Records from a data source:
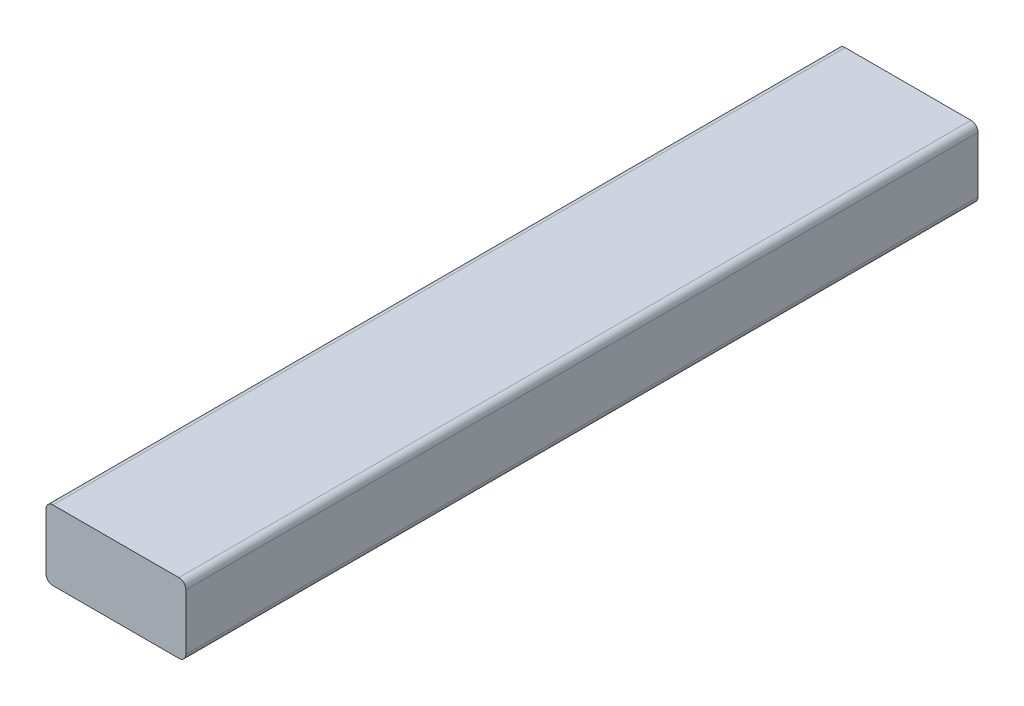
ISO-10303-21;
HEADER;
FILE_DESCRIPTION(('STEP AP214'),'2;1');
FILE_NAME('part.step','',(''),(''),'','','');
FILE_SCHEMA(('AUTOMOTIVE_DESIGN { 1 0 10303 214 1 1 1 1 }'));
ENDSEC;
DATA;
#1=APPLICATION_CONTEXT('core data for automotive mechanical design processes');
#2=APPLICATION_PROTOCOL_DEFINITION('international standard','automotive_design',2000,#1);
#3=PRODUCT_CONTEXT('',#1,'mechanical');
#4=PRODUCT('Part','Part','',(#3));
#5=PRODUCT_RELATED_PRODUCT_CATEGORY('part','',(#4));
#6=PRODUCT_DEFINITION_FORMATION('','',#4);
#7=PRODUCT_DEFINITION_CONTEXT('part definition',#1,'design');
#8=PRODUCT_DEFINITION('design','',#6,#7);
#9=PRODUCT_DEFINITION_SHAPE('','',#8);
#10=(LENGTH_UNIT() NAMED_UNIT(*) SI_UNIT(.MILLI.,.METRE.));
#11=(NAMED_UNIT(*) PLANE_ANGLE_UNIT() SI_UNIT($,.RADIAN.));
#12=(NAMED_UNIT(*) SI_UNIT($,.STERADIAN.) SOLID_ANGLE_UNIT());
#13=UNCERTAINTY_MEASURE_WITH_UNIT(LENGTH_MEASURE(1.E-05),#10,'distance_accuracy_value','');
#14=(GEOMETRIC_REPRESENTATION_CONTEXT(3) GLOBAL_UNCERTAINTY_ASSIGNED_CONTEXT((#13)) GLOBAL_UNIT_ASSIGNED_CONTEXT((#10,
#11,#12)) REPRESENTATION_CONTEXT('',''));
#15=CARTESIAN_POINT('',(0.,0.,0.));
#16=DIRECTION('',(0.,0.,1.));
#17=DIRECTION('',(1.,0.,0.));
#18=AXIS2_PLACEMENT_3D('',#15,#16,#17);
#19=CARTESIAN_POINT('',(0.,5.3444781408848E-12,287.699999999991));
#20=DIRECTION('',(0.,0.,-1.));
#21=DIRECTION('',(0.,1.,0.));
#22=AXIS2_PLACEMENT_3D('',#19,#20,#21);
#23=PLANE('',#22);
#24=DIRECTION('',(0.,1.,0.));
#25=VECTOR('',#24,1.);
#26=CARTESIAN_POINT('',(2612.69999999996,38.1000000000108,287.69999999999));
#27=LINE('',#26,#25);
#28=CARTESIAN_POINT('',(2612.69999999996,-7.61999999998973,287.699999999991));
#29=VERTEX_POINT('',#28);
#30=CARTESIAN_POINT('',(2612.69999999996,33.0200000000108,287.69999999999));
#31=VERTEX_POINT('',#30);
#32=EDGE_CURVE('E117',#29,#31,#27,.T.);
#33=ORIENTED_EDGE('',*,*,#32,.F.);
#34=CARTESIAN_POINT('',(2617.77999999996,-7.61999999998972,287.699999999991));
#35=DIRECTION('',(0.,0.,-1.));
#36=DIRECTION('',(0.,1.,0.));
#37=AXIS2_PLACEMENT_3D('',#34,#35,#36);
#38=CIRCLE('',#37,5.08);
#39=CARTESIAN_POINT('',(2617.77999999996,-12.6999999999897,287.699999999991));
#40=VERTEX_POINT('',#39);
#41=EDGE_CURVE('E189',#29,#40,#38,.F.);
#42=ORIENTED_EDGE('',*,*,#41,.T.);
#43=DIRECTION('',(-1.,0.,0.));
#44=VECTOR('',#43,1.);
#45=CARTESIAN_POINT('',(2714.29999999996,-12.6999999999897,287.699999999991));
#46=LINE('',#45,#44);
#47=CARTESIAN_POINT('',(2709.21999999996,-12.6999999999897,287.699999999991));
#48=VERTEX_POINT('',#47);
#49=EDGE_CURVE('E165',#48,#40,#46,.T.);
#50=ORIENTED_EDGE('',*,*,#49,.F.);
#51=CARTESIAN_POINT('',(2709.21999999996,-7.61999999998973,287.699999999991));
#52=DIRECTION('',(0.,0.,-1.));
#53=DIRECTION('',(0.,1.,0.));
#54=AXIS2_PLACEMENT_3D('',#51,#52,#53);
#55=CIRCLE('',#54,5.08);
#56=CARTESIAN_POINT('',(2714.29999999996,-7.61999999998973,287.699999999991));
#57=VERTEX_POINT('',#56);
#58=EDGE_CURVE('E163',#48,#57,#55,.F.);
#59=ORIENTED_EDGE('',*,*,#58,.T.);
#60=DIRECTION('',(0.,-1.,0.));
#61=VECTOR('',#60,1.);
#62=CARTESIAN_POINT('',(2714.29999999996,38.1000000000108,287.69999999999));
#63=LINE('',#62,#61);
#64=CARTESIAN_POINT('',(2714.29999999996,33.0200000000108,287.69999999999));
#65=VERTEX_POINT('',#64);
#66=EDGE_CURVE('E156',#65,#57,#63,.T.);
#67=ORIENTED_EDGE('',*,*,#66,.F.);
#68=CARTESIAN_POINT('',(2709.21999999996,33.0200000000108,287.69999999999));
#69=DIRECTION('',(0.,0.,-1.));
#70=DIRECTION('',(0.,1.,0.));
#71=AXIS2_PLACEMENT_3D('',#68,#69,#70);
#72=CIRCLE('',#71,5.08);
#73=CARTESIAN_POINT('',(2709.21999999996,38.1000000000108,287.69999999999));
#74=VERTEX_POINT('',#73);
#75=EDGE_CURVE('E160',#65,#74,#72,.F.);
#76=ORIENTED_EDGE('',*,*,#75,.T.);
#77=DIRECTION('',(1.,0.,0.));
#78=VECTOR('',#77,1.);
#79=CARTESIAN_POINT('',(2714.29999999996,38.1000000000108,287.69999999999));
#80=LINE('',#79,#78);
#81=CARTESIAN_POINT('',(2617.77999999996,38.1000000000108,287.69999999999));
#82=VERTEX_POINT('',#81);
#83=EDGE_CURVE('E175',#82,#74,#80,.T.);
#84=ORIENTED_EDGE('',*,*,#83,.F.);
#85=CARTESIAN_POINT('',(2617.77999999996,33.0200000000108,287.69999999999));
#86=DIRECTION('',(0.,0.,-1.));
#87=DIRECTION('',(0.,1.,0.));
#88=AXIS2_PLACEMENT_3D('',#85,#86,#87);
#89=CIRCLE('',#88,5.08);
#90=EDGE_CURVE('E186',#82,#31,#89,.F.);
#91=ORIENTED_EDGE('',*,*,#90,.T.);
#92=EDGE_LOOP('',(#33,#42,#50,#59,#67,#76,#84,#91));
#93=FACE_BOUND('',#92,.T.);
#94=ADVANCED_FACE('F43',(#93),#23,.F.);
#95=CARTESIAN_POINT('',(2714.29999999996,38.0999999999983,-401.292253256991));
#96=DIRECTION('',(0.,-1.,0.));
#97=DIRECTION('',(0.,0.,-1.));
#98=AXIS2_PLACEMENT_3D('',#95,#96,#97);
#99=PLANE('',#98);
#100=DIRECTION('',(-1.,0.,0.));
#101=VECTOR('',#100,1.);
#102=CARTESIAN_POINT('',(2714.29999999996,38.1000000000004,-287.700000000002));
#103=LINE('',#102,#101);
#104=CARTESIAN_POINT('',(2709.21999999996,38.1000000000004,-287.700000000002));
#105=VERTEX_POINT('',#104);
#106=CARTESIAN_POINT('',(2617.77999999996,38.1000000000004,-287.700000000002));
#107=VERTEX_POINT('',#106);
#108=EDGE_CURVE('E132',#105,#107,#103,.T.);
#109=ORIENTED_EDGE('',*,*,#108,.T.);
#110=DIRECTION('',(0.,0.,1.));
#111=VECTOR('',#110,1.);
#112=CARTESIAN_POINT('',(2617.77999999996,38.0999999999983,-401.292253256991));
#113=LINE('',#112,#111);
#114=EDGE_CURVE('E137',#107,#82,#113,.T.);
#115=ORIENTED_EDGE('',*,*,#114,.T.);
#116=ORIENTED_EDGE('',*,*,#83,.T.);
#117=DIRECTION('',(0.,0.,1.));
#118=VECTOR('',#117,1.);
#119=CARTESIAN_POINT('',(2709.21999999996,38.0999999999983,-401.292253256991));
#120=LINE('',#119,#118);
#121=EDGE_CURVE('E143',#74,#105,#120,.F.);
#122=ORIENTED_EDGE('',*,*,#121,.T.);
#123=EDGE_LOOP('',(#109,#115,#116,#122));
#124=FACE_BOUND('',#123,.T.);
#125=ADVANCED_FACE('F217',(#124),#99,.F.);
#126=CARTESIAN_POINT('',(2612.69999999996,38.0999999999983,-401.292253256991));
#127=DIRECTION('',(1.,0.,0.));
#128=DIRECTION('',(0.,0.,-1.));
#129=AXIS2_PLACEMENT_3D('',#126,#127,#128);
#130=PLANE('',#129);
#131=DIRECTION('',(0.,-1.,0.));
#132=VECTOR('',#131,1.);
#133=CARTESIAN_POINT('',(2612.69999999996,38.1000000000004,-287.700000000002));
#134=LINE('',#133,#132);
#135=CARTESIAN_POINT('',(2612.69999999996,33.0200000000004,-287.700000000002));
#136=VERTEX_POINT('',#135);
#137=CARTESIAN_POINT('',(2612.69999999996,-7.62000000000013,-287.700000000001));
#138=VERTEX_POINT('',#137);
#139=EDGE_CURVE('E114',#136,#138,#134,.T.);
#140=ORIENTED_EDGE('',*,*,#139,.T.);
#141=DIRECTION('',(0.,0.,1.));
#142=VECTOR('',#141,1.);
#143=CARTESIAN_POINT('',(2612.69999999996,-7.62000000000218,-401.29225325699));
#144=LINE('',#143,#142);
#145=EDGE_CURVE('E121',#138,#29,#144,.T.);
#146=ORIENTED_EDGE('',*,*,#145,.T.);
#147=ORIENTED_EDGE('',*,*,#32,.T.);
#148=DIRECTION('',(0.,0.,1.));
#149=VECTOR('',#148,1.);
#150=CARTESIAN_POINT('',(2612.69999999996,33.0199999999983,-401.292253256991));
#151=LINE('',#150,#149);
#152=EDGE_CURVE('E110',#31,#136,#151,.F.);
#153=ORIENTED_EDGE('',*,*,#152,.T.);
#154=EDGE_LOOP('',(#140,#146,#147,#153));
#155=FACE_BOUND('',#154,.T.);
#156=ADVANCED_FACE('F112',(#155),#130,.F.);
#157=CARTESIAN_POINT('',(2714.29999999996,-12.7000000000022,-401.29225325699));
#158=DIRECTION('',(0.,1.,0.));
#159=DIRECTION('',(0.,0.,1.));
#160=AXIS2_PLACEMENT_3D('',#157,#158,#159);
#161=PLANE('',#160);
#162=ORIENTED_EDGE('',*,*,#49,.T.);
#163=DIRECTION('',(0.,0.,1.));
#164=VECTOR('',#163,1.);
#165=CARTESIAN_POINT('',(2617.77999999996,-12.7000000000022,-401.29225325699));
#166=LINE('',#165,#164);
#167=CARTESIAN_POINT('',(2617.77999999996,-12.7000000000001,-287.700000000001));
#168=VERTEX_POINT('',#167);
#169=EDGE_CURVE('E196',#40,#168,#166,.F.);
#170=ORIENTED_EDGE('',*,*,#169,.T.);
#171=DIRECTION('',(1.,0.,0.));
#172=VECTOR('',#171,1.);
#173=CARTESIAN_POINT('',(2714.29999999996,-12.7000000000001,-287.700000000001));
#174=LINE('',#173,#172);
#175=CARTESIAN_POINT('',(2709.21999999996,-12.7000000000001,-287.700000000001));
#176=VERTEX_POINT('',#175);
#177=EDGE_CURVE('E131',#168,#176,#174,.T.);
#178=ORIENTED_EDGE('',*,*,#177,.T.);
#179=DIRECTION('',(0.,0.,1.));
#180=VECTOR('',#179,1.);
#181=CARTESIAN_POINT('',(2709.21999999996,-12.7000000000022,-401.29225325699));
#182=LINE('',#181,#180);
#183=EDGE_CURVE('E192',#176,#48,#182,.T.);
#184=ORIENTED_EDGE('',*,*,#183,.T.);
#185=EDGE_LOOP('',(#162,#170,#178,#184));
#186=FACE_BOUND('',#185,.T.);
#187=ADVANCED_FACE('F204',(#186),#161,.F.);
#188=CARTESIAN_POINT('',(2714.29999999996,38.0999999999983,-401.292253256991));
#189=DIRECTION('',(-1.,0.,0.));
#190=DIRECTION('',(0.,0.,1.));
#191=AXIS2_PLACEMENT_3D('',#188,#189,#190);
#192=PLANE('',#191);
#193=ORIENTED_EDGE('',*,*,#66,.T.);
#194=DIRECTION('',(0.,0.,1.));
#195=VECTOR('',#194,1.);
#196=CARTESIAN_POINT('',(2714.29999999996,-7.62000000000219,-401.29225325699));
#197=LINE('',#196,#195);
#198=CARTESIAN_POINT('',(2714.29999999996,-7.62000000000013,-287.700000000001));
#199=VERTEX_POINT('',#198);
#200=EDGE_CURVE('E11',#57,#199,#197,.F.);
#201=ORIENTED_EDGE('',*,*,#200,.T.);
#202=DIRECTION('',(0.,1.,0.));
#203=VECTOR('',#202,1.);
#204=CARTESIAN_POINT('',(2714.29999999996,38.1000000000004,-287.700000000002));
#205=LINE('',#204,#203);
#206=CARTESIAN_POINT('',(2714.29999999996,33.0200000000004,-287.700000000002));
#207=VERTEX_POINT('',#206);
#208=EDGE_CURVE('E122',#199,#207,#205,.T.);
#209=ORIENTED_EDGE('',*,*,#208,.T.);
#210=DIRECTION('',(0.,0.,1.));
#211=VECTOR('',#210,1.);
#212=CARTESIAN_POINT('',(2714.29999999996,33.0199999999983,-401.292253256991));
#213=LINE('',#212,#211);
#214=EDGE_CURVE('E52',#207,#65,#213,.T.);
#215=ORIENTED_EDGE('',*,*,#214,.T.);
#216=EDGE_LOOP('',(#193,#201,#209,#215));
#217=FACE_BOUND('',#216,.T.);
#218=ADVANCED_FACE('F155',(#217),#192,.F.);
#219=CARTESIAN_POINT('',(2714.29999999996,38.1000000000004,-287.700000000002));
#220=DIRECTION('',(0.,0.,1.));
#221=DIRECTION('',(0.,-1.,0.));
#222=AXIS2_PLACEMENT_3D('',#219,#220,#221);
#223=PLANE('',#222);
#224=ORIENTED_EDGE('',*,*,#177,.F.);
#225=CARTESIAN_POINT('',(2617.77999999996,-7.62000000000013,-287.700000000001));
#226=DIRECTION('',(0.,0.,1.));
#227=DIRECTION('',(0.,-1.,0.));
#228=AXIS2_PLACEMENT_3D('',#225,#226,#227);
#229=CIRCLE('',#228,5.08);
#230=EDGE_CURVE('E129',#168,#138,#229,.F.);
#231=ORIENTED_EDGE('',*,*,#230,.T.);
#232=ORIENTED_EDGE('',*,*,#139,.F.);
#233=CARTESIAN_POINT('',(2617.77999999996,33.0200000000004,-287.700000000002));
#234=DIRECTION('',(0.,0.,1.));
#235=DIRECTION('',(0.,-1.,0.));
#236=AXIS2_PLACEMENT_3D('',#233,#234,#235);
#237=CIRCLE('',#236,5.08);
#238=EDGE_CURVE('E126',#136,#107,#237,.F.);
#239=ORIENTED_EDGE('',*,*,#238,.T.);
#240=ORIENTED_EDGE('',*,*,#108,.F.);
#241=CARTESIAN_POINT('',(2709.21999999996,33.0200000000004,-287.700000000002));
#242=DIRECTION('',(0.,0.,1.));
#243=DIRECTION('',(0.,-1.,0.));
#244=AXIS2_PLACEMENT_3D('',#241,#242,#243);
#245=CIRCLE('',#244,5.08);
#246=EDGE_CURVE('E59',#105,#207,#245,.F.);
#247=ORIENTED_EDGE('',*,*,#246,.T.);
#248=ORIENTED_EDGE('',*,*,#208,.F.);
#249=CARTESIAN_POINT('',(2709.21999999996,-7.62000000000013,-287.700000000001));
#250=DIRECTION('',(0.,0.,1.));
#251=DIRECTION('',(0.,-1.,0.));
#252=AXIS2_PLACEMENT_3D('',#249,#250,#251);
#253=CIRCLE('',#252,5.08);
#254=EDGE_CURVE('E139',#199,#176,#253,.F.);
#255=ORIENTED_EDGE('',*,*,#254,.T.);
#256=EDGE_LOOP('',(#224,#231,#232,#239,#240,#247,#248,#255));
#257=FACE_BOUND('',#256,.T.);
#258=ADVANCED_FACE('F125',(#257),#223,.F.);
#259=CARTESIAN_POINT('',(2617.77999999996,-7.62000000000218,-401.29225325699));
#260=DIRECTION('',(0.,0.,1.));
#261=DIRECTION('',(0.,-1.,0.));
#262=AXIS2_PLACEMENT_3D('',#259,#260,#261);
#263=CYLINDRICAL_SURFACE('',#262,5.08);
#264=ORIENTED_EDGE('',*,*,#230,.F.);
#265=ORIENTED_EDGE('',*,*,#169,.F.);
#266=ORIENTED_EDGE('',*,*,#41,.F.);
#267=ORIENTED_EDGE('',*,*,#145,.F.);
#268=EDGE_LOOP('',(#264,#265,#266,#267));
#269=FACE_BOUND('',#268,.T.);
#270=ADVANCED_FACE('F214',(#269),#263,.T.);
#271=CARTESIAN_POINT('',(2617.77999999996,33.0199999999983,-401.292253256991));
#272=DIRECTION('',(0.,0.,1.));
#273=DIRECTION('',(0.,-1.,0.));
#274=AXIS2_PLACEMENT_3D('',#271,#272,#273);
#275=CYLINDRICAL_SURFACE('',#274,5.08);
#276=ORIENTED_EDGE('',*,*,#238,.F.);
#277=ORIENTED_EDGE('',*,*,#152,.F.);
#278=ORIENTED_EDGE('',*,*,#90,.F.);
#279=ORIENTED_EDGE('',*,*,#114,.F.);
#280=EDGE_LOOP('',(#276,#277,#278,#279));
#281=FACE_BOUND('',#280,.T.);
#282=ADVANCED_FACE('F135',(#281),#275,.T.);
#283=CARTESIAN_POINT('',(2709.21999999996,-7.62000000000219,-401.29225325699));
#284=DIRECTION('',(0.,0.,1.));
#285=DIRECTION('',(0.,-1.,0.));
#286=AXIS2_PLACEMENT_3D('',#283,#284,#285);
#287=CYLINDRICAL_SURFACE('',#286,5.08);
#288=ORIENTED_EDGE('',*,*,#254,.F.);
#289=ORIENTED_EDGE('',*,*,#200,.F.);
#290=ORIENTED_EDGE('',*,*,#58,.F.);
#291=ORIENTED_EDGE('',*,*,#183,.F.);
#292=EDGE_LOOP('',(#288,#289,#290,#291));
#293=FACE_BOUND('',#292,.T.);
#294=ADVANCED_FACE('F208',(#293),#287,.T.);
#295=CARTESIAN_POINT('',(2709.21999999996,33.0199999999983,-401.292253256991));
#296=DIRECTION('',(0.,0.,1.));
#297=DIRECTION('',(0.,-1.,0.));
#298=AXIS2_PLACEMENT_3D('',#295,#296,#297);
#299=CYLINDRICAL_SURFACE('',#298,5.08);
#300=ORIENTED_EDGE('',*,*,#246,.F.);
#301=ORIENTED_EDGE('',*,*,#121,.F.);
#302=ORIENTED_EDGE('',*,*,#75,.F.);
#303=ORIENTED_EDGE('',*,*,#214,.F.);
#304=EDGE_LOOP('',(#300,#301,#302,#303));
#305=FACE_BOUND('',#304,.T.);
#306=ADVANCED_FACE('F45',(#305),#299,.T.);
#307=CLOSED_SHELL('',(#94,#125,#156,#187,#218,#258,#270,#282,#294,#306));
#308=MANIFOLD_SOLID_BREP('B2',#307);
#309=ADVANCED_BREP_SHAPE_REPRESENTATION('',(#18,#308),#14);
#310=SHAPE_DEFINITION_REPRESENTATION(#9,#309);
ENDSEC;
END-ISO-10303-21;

WHAT IS REQUIRED: Retype exactly the lines of the data above that fall between the line with "#286=AXIS2_PLACEMENT_3D('',#283,#284,#285);" and the line with "#294=ADVANCED_FACE('F208',(#293),#287,.T.);", inclusive, and add nothing.

RESPONSE TO THE EXERCISE:
#286=AXIS2_PLACEMENT_3D('',#283,#284,#285);
#287=CYLINDRICAL_SURFACE('',#286,5.08);
#288=ORIENTED_EDGE('',*,*,#254,.F.);
#289=ORIENTED_EDGE('',*,*,#200,.F.);
#290=ORIENTED_EDGE('',*,*,#58,.F.);
#291=ORIENTED_EDGE('',*,*,#183,.F.);
#292=EDGE_LOOP('',(#288,#289,#290,#291));
#293=FACE_BOUND('',#292,.T.);
#294=ADVANCED_FACE('F208',(#293),#287,.T.);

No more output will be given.